| Task |
Your task is to repeat exactly the lines below between the line holding "b_J.Value = 0.001" and the line holding "dzdotsR.Complexity = 'real'", inclusive, and only those.

(Data begins)

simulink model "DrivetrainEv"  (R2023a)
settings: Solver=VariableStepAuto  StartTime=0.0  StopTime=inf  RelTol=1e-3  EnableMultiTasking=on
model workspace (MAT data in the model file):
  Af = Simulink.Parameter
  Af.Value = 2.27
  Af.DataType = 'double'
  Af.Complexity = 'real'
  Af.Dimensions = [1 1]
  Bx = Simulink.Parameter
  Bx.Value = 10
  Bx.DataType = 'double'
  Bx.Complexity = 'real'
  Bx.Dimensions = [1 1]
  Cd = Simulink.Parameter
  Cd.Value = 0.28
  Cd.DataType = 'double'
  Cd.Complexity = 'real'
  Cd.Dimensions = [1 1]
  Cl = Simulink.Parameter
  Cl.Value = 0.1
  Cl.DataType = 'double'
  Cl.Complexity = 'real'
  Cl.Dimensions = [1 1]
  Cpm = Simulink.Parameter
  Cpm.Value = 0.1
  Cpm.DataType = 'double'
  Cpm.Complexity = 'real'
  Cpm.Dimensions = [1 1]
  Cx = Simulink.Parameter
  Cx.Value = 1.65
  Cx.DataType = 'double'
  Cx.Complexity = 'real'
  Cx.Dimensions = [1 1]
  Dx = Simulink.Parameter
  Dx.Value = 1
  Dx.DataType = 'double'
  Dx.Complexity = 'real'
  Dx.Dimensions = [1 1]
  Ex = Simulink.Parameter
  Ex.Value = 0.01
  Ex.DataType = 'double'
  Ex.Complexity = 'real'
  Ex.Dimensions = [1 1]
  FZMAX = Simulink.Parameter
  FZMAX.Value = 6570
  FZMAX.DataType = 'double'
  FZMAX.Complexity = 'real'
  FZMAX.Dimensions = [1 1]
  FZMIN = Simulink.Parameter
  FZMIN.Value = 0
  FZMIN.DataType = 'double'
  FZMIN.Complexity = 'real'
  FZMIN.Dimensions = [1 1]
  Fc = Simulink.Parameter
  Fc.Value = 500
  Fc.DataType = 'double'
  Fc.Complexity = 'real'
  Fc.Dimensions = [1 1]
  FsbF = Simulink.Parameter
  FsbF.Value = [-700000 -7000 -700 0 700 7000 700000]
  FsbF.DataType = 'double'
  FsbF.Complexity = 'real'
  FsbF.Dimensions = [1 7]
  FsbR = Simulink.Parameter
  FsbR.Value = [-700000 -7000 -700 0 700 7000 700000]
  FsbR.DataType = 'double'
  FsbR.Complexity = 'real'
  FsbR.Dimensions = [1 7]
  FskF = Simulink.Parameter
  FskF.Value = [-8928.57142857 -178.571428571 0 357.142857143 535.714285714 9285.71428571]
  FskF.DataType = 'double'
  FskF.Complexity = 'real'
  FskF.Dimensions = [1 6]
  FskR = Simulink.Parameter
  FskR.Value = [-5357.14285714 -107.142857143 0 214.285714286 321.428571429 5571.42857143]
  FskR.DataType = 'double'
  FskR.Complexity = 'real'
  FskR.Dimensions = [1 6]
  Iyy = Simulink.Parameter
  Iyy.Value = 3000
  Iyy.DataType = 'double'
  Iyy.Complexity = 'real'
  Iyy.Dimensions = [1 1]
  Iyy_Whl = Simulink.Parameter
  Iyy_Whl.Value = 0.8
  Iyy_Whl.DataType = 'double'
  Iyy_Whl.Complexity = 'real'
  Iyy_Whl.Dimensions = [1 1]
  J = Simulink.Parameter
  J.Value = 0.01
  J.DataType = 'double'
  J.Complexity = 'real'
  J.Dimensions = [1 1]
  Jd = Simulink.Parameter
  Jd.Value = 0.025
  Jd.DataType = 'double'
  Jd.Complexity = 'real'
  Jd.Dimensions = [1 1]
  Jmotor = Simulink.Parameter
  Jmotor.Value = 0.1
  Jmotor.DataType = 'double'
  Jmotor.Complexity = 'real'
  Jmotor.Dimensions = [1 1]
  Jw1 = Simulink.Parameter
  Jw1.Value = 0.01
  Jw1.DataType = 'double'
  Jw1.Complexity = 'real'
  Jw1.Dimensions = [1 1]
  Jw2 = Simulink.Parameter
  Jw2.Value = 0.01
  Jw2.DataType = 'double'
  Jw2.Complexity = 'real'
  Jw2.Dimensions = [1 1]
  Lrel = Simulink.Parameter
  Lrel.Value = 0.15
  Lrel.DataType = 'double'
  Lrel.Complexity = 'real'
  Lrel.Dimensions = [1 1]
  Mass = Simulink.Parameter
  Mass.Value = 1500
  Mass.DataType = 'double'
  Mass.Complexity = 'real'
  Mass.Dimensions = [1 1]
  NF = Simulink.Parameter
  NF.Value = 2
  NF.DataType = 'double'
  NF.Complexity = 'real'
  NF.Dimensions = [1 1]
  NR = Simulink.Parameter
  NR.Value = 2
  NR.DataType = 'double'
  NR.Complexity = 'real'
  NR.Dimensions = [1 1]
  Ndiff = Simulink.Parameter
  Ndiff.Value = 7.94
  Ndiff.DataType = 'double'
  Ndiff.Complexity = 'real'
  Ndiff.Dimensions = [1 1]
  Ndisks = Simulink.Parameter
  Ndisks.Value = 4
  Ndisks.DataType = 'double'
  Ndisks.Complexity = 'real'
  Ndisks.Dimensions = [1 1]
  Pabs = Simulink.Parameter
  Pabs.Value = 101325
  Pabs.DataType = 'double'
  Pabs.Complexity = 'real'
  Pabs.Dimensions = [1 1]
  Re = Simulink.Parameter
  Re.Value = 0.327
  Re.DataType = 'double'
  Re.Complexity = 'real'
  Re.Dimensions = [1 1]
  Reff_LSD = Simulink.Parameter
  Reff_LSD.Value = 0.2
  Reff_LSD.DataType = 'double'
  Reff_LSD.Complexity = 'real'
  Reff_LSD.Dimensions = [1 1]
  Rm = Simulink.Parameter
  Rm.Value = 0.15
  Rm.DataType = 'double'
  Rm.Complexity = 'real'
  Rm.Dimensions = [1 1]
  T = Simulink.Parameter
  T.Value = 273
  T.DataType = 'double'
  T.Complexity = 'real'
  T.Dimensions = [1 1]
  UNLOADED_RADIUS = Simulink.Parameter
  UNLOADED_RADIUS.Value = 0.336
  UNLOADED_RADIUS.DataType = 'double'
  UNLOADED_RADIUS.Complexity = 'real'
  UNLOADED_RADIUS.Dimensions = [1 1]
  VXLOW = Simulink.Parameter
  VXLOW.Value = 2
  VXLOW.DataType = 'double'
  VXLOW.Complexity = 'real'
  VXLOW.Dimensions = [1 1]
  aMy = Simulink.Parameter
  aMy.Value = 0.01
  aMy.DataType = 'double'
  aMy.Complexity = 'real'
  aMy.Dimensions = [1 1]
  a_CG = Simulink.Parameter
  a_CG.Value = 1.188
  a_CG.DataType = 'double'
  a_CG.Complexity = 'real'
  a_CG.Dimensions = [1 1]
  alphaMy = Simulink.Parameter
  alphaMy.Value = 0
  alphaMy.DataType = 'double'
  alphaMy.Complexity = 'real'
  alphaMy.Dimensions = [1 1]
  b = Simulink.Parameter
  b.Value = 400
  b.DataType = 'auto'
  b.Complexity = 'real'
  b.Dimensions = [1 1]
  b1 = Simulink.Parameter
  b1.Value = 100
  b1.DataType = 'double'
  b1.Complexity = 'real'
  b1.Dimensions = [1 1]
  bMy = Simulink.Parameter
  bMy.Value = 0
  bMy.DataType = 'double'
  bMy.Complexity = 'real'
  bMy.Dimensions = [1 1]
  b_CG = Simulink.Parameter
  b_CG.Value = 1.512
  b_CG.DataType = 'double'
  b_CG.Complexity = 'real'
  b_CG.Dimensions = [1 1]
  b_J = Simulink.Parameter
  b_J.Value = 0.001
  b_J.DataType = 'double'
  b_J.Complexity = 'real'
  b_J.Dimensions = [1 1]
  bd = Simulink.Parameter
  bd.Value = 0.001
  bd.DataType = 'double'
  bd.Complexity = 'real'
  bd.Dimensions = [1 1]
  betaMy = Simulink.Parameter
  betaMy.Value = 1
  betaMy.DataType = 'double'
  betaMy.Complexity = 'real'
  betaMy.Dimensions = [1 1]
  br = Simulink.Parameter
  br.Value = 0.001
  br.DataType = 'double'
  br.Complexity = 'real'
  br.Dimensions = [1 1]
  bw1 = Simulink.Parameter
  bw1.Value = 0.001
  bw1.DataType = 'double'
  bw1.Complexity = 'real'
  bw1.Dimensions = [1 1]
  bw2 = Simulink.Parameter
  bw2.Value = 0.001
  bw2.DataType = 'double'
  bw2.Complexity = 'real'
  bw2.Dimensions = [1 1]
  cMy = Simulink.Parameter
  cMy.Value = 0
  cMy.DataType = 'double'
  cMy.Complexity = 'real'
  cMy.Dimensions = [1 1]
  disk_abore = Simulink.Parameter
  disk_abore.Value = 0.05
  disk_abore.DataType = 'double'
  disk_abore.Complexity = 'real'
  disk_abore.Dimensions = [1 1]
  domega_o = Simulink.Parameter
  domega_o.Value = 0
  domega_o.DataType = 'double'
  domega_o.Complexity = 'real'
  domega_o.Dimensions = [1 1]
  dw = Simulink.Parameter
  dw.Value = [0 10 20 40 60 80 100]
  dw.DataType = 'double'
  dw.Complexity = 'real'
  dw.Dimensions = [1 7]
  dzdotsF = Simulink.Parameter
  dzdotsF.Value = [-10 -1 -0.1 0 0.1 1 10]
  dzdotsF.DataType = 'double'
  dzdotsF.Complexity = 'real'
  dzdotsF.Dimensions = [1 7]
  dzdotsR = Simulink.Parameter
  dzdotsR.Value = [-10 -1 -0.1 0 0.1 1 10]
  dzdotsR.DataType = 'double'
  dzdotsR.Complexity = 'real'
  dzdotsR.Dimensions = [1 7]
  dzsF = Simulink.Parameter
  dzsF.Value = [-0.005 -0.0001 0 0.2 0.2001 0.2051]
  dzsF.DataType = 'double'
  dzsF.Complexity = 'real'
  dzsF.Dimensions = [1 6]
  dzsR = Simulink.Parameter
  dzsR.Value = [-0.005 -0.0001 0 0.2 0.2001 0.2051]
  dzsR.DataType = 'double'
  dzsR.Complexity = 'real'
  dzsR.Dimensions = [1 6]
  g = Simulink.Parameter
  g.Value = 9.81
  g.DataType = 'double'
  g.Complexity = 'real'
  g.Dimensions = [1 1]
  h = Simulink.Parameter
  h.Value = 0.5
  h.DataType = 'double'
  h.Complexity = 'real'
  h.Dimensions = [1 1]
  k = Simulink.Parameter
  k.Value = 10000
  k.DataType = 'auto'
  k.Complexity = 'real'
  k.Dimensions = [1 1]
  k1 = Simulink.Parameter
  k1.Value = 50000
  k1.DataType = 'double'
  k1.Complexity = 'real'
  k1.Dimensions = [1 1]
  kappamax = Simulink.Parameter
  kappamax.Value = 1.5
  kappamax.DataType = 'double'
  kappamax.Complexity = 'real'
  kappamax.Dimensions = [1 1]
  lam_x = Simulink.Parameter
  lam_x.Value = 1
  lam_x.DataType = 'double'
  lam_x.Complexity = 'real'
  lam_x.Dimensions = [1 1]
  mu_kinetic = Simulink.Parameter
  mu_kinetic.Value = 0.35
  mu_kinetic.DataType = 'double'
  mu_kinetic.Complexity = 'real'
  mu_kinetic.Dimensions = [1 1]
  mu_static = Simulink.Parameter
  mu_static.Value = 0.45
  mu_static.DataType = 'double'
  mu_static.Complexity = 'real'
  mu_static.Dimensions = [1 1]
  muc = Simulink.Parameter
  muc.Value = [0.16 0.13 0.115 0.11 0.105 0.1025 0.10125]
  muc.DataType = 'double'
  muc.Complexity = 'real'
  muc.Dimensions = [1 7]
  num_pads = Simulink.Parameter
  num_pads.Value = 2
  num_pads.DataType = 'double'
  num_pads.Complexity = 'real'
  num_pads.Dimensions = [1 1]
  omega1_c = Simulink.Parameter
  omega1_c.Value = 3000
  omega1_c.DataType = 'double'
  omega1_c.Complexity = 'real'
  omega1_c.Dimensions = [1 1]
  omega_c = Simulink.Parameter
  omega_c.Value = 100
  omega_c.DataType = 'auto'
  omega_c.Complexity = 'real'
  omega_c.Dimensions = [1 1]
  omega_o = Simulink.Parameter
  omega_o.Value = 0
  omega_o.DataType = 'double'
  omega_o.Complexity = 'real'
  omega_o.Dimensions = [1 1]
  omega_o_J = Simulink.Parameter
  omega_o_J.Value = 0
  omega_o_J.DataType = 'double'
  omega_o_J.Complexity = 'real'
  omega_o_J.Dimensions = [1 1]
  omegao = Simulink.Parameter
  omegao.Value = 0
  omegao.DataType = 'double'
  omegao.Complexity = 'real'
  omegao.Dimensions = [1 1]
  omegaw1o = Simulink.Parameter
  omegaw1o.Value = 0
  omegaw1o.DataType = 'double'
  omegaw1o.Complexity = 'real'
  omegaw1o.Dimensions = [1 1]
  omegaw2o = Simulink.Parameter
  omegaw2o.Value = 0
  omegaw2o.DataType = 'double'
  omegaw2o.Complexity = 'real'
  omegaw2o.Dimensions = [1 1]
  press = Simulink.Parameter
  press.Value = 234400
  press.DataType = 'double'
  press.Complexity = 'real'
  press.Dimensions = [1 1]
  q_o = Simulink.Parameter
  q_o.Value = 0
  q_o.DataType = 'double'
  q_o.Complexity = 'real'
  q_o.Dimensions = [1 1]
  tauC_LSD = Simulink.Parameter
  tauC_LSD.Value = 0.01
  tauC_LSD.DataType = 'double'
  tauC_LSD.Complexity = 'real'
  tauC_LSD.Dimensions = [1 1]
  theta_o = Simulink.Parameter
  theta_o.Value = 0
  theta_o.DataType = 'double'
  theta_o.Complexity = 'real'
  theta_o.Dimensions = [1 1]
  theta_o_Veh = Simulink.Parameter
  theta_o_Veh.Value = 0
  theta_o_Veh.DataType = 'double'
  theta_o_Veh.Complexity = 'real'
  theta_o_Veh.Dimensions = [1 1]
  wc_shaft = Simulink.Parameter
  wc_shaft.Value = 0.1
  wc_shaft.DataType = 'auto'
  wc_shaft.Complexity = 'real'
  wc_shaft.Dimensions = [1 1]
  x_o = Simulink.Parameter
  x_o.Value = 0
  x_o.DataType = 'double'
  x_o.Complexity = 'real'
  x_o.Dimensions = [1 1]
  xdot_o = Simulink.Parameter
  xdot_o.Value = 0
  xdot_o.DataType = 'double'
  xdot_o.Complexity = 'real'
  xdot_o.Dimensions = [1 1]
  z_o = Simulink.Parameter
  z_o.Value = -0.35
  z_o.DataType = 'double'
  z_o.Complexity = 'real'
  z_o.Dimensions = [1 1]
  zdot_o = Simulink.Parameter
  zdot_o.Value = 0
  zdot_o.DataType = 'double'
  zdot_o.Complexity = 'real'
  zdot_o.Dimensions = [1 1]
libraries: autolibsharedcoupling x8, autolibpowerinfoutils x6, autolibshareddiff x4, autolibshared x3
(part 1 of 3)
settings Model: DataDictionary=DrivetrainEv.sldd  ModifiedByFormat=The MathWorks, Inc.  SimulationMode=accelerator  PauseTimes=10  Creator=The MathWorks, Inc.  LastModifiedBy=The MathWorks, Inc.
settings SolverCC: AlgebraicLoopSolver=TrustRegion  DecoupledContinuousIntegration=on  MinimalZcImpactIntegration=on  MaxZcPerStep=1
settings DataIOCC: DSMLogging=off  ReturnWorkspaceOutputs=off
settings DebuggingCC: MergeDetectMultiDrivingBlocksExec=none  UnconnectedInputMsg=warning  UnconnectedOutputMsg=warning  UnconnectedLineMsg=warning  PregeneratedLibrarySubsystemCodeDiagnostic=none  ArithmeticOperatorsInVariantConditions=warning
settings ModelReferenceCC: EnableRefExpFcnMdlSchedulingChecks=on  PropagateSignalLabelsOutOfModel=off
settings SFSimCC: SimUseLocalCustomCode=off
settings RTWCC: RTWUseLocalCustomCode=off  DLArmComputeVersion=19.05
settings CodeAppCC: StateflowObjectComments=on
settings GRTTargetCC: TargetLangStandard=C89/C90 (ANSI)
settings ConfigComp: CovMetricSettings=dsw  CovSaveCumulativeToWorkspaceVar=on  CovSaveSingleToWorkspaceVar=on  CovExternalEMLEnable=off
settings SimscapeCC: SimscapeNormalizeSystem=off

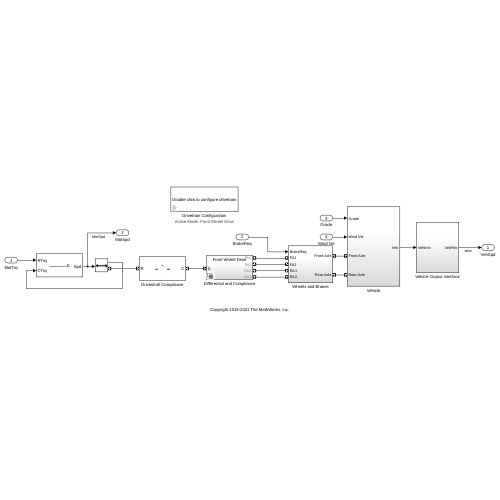
[thumbnail: Simulink's stored preview of the top-level diagram]
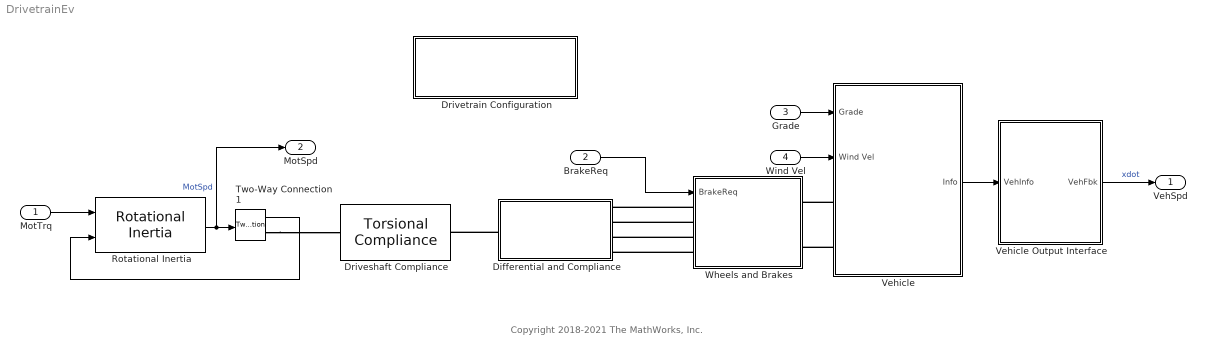
== system DrivetrainEv ==
  note: Copyright 2018-2021 The MathWorks, Inc.
  MotTrq : Inport
  BrakeReq : Inport  Port=2
  Grade : Inport  Port=3
  Wind Vel : Inport  Port=4
  Differential and Compliance : Subsystem  Variant=on  VariantControlMode=label  LabelModeActiveChoice=0
  Driveshaft Compliance : autolibsharedcoupling/Torsional Compliance  port_config=Two-way connection  extInfo=off  k=k  b=b  theta_o=theta_o  domega_o=domega_o  omega_c=omega_c  blkID=0  aMode=1
  Drivetrain Configuration : Subsystem  mask(Drivetrain Configuration){drivetrainMode=Front Wheel Drive}
      mask prompts: drivetrainMode "Drivetrain Mode"
      mask help: Use this block to configure the dirvetrain mode.
      settings: AttributesFormatString=Active Mode: %<drivetrainMode>
      mask TypeOptions drivetrainMode: Front Wheel Drive | Rear Wheel Drive | All Wheel Drive
      mask Callback drivetrainMode:
      | switch get_param(gcb,'drivetrainMode')
      |     case 'Front Wheel Drive'
      |         set_param([bdroot '/Differential and Compliance'],'OverrideUsingVariant','0')
      |     case 'Rear Wheel Drive'
      |         set_param([bdroot '/Differential and Compliance'],'OverrideUsingVariant','1')
      |     case 'All Wheel Drive'
      |         set_param([bdroot '/Differential and Compliance'],'OverrideUsingVariant','2')
      |     otherwise
      |         set_param([bdroot '/Differential and Compliance'],'OverrideUsingVariant','0')
      | end
      mask Display: disp('Double click to configure drivetrain')
  Rotational Inertia : autolibsharedcoupling/Rotational Inertia  port_config=Simulink  extInfo=off  externJ=off  J=Jmotor  b=.001  omega_o=omega_o  blkID=0  aMode=1
      settings: LibrarySourceBlock=autolibcoupling/Rotational Inertia
  Two-Way Connection1 : TwoWayConnection
  Vehicle : Subsystem
  Vehicle Output Interface : Subsystem
  Wheels and Brakes : Subsystem  VariantControl=0
  VehSpd : Outport  VectorParamsAs1DForOutWhenUnconnected=off
  MotSpd : Outport  Port=2  VectorParamsAs1DForOutWhenUnconnected=off  BusOutputAsStruct=on
  wires:
  BrakeReq/1 -> Wheels and Brakes/1(BrakeReq)
  Vehicle/1(Info) -> Vehicle Output Interface/1(VehInfo)
  Vehicle Output Interface/1(VehFbk) -> VehSpd/1  "xdot"
  Rotational Inertia/1 -> MotSpd/1, Two-Way Connection1/1  "MotSpd"
  Wind Vel/1 -> Vehicle/2(Wind Vel)
  Grade/1 -> Vehicle/1(Grade)
  MotTrq/1 -> Rotational Inertia/1
  Two-Way Connection1/1 -> Rotational Inertia/2
  connections:
  Differential and Compliance/LConn1 -- Driveshaft Compliance/RConn1
  Wheels and Brakes/LConn1 -- Differential and Compliance/RConn1
  Wheels and Brakes/LConn2 -- Differential and Compliance/RConn2
  Wheels and Brakes/LConn3 -- Differential and Compliance/RConn3
  Wheels and Brakes/LConn4 -- Differential and Compliance/RConn4
  Vehicle/LConn1 -- Wheels and Brakes/RConn1
  Vehicle/LConn2 -- Wheels and Brakes/RConn2
  Two-Way Connection1/RConn1 -- Driveshaft Compliance/LConn1

== system DrivetrainEv/Differential and Compliance ==
  All Wheel Drive : Subsystem  VariantControl=2
  Front Wheel Drive : Subsystem  VariantControl=0
  Rear Wheel Drive : Subsystem  VariantControl=1
  D : PMIOPort  Side=Left
  FA1 : PMIOPort  Port=2  Side=Right
  FA2 : PMIOPort  Port=3  Side=Right
  RA1 : PMIOPort  Port=4  Side=Right
  RA2 : PMIOPort  Port=5  Side=Right

== system DrivetrainEv/Drivetrain Configuration ==

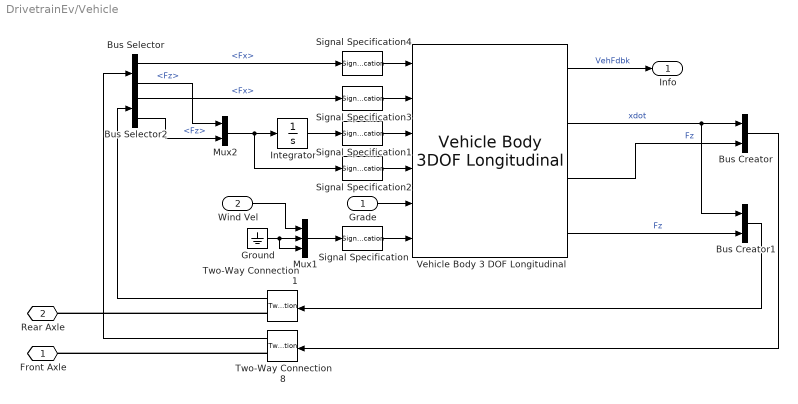
== system DrivetrainEv/Vehicle ==
  Grade : Inport  Unit=deg
  Wind Vel : Inport  Port=2  Unit=m/s
  Bus Creator : BusCreator  Inputs=2
  Bus Creator1 : BusCreator  Inputs=2
  Bus Selector : BusSelector  OutputSignals=Fx,Fz
  Bus Selector2 : BusSelector  OutputSignals=Fx,Fz
  Ground : Ground
  Integrator : Integrator
  Mux1 : Mux  Inputs=3
  Mux2 : Mux  Inputs=2
  Signal Specification : SignalSpecification  Unit=m/s
  Signal Specification1 : SignalSpecification  Unit=m
  Signal Specification2 : SignalSpecification  Unit=m/s
  Signal Specification3 : SignalSpecification  Unit=N
  Signal Specification4 : SignalSpecification  Unit=N
  Two-Way Connection1 : TwoWayConnection
  Two-Way Connection8 : TwoWayConnection
  Vehicle Body 3 DOF Longitudinal : autolibshared/Vehicle Body 3DOF Longitudinal  VariantControl=SL  groundType=Axle displacement, velocity  aMode=1  extFMode=off  extMMode=off  extTamb=off  NF=NF  NR=NR  m=Mass  a=a_CG  b=b_CG  h=h  Cd=Cd  Af=Af  x_o=x_o  xdot_o=xdot_o  Cl=Cl  z_o=z_o  zdot_o=zdot_o  Iyy=Iyy  Cpm=Cpm  theta_o=theta_o_Veh  q_o=q_o  FskF=FskF  dzsF=dzsF  FsbF=FsbF  dzdotsF=dzdotsF  FskR=FskR  dzsR=dzsR  FsbR=FsbR  dzdotsR=dzdotsR  Pabs=Pabs  T=T  g=g  blkID=0
      settings: LibrarySourceBlock=autolibvehdynlong/Vehicle Body 3DOF Longitudinal
  Front Axle : PMIOPort  Side=Left
  Rear Axle : PMIOPort  Port=2  Side=Left
  Info : Outport  VectorParamsAs1DForOutWhenUnconnected=off
  wires:
  Two-Way Connection1/1 -> Bus Selector2/1
  Bus Selector2/2 -> Mux2/2  "<Fz>"
  Bus Selector2/1 -> Signal Specification3/1  "<Fx>"
  Bus Selector/2 -> Mux2/1  "<Fz>"
  Bus Selector/1 -> Signal Specification4/1  "<Fx>"
  Bus Creator1/1 -> Two-Way Connection1/1
  Bus Creator/1 -> Two-Way Connection8/1
  Signal Specification4/1 -> Vehicle Body 3 DOF Longitudinal/1
  Signal Specification3/1 -> Vehicle Body 3 DOF Longitudinal/2
  Signal Specification2/1 -> Vehicle Body 3 DOF Longitudinal/4
  Signal Specification1/1 -> Vehicle Body 3 DOF Longitudinal/3
  Signal Specification/1 -> Vehicle Body 3 DOF Longitudinal/6
  Grade/1 -> Vehicle Body 3 DOF Longitudinal/5
  Wind Vel/1 -> Mux1/1
  Integrator/1 -> Signal Specification1/1
  Mux2/1 -> Signal Specification2/1, Integrator/1
  Vehicle Body 3 DOF Longitudinal/4 -> Bus Creator1/2  "Fz"
  Mux1/1 -> Signal Specification/1
  Ground/1 -> Mux1/3, Mux1/2
  Vehicle Body 3 DOF Longitudinal/1 -> Info/1  "VehFdbk"
  Two-Way Connection8/1 -> Bus Selector/1
  Vehicle Body 3 DOF Longitudinal/2 -> Bus Creator/1, Bus Creator1/1  "xdot"
  Vehicle Body 3 DOF Longitudinal/3 -> Bus Creator/2  "Fz"
  connections:
  Two-Way Connection1/RConn1 -- Rear Axle/RConn1
  Two-Way Connection8/RConn1 -- Front Axle/RConn1

== system DrivetrainEv/Vehicle Output Interface ==
  VehInfo : Inport
  Bus Selector1 : BusSelector  OutputSignals=BdyFrm.Cg.Vel.xdot
  VehFbk : Outport  VectorParamsAs1DForOutWhenUnconnected=off
  wires:
  Bus Selector1/1 -> VehFbk/1  "<xdot>"
  VehInfo/1 -> Bus Selector1/1

(Data ends)

| Response |
  b_J.Value = 0.001
  b_J.DataType = 'double'
  b_J.Complexity = 'real'
  b_J.Dimensions = [1 1]
  bd = Simulink.Parameter
  bd.Value = 0.001
  bd.DataType = 'double'
  bd.Complexity = 'real'
  bd.Dimensions = [1 1]
  betaMy = Simulink.Parameter
  betaMy.Value = 1
  betaMy.DataType = 'double'
  betaMy.Complexity = 'real'
  betaMy.Dimensions = [1 1]
  br = Simulink.Parameter
  br.Value = 0.001
  br.DataType = 'double'
  br.Complexity = 'real'
  br.Dimensions = [1 1]
  bw1 = Simulink.Parameter
  bw1.Value = 0.001
  bw1.DataType = 'double'
  bw1.Complexity = 'real'
  bw1.Dimensions = [1 1]
  bw2 = Simulink.Parameter
  bw2.Value = 0.001
  bw2.DataType = 'double'
  bw2.Complexity = 'real'
  bw2.Dimensions = [1 1]
  cMy = Simulink.Parameter
  cMy.Value = 0
  cMy.DataType = 'double'
  cMy.Complexity = 'real'
  cMy.Dimensions = [1 1]
  disk_abore = Simulink.Parameter
  disk_abore.Value = 0.05
  disk_abore.DataType = 'double'
  disk_abore.Complexity = 'real'
  disk_abore.Dimensions = [1 1]
  domega_o = Simulink.Parameter
  domega_o.Value = 0
  domega_o.DataType = 'double'
  domega_o.Complexity = 'real'
  domega_o.Dimensions = [1 1]
  dw = Simulink.Parameter
  dw.Value = [0 10 20 40 60 80 100]
  dw.DataType = 'double'
  dw.Complexity = 'real'
  dw.Dimensions = [1 7]
  dzdotsF = Simulink.Parameter
  dzdotsF.Value = [-10 -1 -0.1 0 0.1 1 10]
  dzdotsF.DataType = 'double'
  dzdotsF.Complexity = 'real'
  dzdotsF.Dimensions = [1 7]
  dzdotsR = Simulink.Parameter
  dzdotsR.Value = [-10 -1 -0.1 0 0.1 1 10]
  dzdotsR.DataType = 'double'
  dzdotsR.Complexity = 'real'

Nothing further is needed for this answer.